The building is a three storey apartment block so that three kitchen sinks all discharge into the same near horizontal drain pipe in the crawl space under the building. I will be running the snake into the kitchen sink drain pipe on the bottom floor and running hot water in the kitchen sink of the main floor (cuz the kitchen sink on the bottom floor is currently out).

When I have seen plumbers do this, the basic procedure as I recall is to run the snake into the drain pipe and back out again just to break up the blockage. Then they start the water running and run the snake in and out a second time so that the running water carries away the crud that's been scraped off the drain pipe walls.

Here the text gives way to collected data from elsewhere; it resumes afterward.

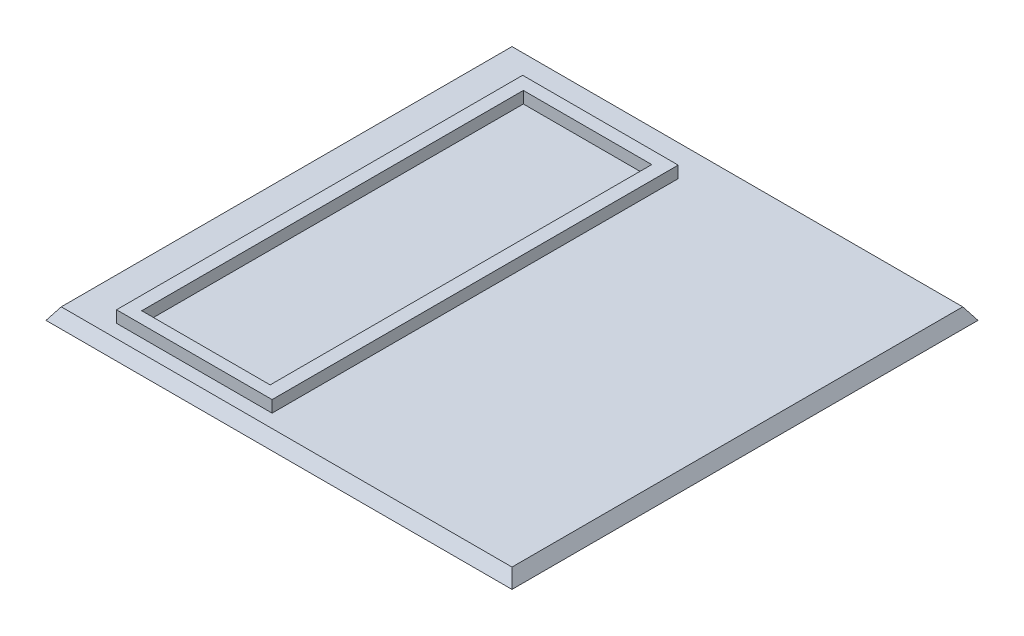
SolidWorks part; units mm, degrees
ref_plane "Front Plane" through (0, 0, 0) normal (0, 0, 1) x (1, 0, 0)
ref_plane "Top Plane" through (0, 0, 0) normal (0, 1, 0) x (1, 0, 0)
ref_plane "Right Plane" through (0, 0, 0) normal (1, 0, 0) x (0, 0, -1)
sketch "Sketch1" plane through (0, 0, 0) normal (0, 1, 0) x (1, 0, 0)
  line L1 (-45.5658, 132.4375) -> (156.0467, 132.4375)
  line L2 (-45.5658, 132.4375) -> (-45.5658, -69.175)
  line L3 (-45.5658, -69.175) -> (156.0467, -69.175)
  line L4 (156.0467, 132.4375) -> (156.0467, -69.175)
extrude "Boss-Extrude1" add sketch "Sketch1" along normal blind 5.08 draft 33
sketch "Sketch2" plane through (0, 5.08, 0) normal (0, 1, 0) x (1, 0, 0)
  line L1 (-18.3058, 110.0803) -> (37.2567, 110.0803)
  line L2 (-18.3058, 110.0803) -> (-18.3058, -55.0197)
  line L3 (-18.3058, -55.0197) -> (37.2567, -55.0197)
  line L4 (37.2567, 110.0803) -> (37.2567, -55.0197)
  line L10 (-24.13, 115.6077) -> (43.18, 115.6077)
  line L11 (-24.13, 115.6077) -> (-24.13, 110.0803)
  line L12 (-24.13, 110.0803) -> (43.18, 110.0803)
  line L13 (43.18, 115.6077) -> (43.18, 110.0803)
  line L14 (43.18, 110.0803) -> (37.2567, 110.0803)
  line L15 (43.18, 110.0803) -> (43.18, -55.0197)
  line L16 (43.18, -55.0197) -> (37.2567, -55.0197)
  line L17 (37.2567, 110.0803) -> (37.2567, -55.0197)
  line L18 (-24.13, 110.0803) -> (-18.3058, 110.0803)
  line L19 (-24.13, 110.0803) -> (-24.13, -55.0197)
  line L20 (-24.13, -55.0197) -> (-18.3058, -55.0197)
  line L21 (-18.3058, 110.0803) -> (-18.3058, -55.0197)
  line L22 (-24.13, -55.0197) -> (43.18, -55.0197)
  line L23 (-24.13, -55.0197) -> (-24.13, -60.1011)
  line L24 (-24.13, -60.1011) -> (43.18, -60.1011)
  line L25 (43.18, -55.0197) -> (43.18, -60.1011)
  point P16 (0, 0)
  point P17 (0, 0)
  dimension "D1" = 165.1
  dimension "D2" = 67.31
extrude "Boss-Extrude3" add sketch "Sketch2" along normal blind 5.08 contours L13 L10 L11 L12 L1 | L16 L15 L12 L4 | L25 L16 L3 L20 L23 L24

Is this correct? That is, does anyone disagree with the basic instructions given here: http://www.essortment.com/home/homerepairelec_szvh.htm

Is it normally necessary to go further than 25 feet down the drain line to clear the blockage from a kitchen sink? I can rent either a 25 foot snake or a 50 foot snake, and my feeling is that most of the crud would accumulate at the beginning of the near-horizontal section of drain piping in my crawl space. I'm hoping a 25 foot snake will clear the partially clogged section.

Any knowledgeable/experienced input would be appreciated.


----------



## DUDE! (May 3, 2008)

25' should do it. You are going to be in close quarters if you are under the kitchen sink. Try to plan ahead on your movements. I try use the on button with my knee or toe but make sure you can release the pressure right quick. Another important part is the gloves, best if old work gloves, don't hold the cable tight, let it ride on your hand. The cable will grab your glove very quickly. This isn't rocket science but they can break bones. I've used them maybe 20 times and its not enough. The pro's make it look easier then it is,, good luck, and yes you are a big help to those of us on here, thanks


----------



## Marvin Gardens (Sep 30, 2008)

I use a hand held one powered by a drill. It is easier to manage and is not as dangerous as the bigger powered ones with the Pratt and Whitney J57 jet engine with after burner.

Only once did I have to use the big one.

Several times I have had to come down through the roof vent which is a lot easier. Older plumbing can have a lot of twists and turns. Many had 90's at the junction instead of angled connections like they have today.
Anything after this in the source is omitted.